━━━ LISTED RECORDS

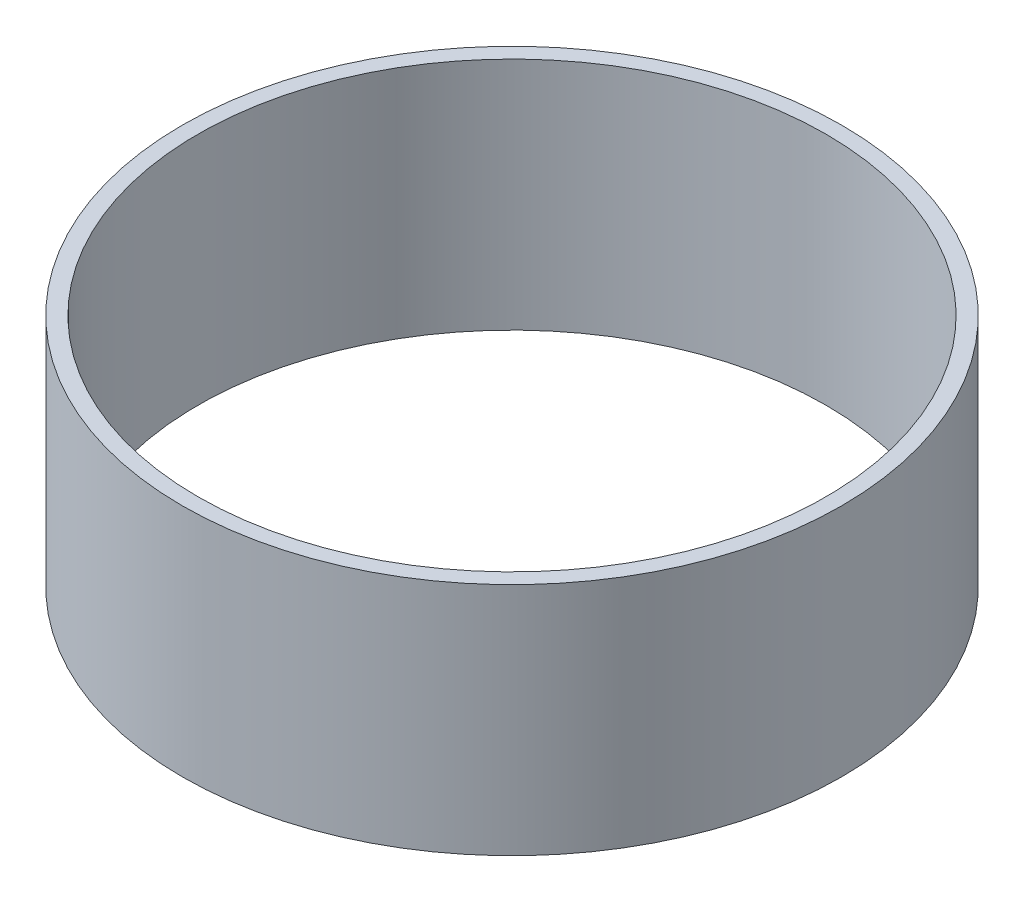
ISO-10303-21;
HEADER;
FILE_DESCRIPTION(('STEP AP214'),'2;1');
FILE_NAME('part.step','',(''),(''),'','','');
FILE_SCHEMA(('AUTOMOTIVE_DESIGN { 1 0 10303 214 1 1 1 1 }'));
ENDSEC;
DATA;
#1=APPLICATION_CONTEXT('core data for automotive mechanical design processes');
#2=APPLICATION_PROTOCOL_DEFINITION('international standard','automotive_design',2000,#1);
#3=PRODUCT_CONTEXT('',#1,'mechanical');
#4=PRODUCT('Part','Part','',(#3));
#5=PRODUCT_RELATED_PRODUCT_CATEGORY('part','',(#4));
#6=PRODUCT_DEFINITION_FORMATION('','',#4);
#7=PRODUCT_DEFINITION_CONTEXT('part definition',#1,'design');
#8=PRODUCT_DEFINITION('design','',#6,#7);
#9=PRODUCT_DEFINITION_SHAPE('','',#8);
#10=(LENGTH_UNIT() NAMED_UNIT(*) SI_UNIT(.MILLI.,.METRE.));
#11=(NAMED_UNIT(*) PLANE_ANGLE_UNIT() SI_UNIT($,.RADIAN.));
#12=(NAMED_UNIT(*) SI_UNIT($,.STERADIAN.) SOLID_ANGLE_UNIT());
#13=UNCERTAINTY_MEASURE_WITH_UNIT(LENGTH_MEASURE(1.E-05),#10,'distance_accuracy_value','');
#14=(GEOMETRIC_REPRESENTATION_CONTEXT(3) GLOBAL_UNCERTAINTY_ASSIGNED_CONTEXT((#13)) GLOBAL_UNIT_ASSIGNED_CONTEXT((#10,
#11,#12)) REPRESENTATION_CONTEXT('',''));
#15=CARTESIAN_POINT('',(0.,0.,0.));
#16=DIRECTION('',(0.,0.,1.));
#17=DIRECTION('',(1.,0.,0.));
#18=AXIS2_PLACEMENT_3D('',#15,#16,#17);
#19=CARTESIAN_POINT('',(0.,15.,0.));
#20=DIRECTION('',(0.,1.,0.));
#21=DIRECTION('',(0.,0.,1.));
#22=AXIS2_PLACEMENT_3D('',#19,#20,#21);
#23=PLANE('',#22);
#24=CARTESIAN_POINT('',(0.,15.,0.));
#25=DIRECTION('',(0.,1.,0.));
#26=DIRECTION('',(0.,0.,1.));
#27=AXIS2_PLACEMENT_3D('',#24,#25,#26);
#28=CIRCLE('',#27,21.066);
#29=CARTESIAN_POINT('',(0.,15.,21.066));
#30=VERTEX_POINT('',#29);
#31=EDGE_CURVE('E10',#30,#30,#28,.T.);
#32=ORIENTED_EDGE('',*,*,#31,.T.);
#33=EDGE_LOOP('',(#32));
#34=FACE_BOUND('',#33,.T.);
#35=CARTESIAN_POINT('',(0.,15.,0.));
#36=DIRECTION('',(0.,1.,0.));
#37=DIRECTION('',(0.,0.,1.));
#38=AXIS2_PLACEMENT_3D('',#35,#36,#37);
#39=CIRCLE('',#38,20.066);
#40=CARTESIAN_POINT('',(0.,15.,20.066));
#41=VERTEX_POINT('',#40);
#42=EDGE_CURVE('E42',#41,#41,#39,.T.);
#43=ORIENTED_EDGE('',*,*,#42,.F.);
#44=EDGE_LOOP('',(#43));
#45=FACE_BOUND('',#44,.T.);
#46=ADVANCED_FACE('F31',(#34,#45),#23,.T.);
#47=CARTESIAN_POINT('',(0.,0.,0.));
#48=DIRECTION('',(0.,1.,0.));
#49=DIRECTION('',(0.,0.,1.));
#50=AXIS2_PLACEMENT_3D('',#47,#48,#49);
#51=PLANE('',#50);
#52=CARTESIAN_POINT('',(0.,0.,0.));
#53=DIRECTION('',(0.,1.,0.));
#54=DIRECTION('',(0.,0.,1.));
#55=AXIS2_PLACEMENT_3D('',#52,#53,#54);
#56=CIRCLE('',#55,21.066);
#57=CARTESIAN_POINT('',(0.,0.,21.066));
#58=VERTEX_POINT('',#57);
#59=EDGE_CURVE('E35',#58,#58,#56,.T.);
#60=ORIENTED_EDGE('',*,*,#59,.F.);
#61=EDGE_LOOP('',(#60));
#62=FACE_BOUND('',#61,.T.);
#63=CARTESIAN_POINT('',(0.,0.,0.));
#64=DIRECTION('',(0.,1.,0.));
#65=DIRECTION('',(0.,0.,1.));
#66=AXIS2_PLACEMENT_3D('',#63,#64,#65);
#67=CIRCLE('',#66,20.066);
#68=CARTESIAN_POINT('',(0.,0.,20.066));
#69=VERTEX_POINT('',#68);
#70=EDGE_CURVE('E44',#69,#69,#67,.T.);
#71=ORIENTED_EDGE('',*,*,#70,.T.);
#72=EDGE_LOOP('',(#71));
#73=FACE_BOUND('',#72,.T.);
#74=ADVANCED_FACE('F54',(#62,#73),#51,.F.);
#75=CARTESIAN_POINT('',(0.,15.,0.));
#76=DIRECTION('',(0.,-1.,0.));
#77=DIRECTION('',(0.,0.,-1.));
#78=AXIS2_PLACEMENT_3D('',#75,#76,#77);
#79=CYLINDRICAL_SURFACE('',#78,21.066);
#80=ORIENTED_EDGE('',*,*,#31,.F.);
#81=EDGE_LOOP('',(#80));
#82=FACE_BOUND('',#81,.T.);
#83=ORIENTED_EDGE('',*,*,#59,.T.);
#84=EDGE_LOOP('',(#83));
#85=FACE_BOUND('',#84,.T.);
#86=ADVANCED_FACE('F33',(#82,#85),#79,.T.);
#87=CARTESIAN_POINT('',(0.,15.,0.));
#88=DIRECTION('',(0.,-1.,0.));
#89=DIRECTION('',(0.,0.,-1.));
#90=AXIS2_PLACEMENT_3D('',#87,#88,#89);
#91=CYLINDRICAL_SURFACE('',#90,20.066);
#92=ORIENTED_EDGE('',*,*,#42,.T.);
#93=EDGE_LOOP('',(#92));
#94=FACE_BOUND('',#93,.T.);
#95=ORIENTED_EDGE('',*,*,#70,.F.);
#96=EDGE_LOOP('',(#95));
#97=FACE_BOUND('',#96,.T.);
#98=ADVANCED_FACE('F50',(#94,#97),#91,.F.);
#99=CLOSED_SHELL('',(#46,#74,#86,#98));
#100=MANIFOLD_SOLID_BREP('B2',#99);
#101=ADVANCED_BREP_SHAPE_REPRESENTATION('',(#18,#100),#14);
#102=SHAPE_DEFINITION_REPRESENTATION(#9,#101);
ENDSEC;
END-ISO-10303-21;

━━━━━━

▶ _WORK ORDER_
Leave the pictures out and please restate exactly the lines running from the start of the material through the one with "#3=PRODUCT_CONTEXT('',#1,'mechanical');".

▶ _ANSWER FOR THE TASK_
ISO-10303-21;
HEADER;
FILE_DESCRIPTION(('STEP AP214'),'2;1');
FILE_NAME('part.step','',(''),(''),'','','');
FILE_SCHEMA(('AUTOMOTIVE_DESIGN { 1 0 10303 214 1 1 1 1 }'));
ENDSEC;
DATA;
#1=APPLICATION_CONTEXT('core data for automotive mechanical design processes');
#2=APPLICATION_PROTOCOL_DEFINITION('international standard','automotive_design',2000,#1);
#3=PRODUCT_CONTEXT('',#1,'mechanical');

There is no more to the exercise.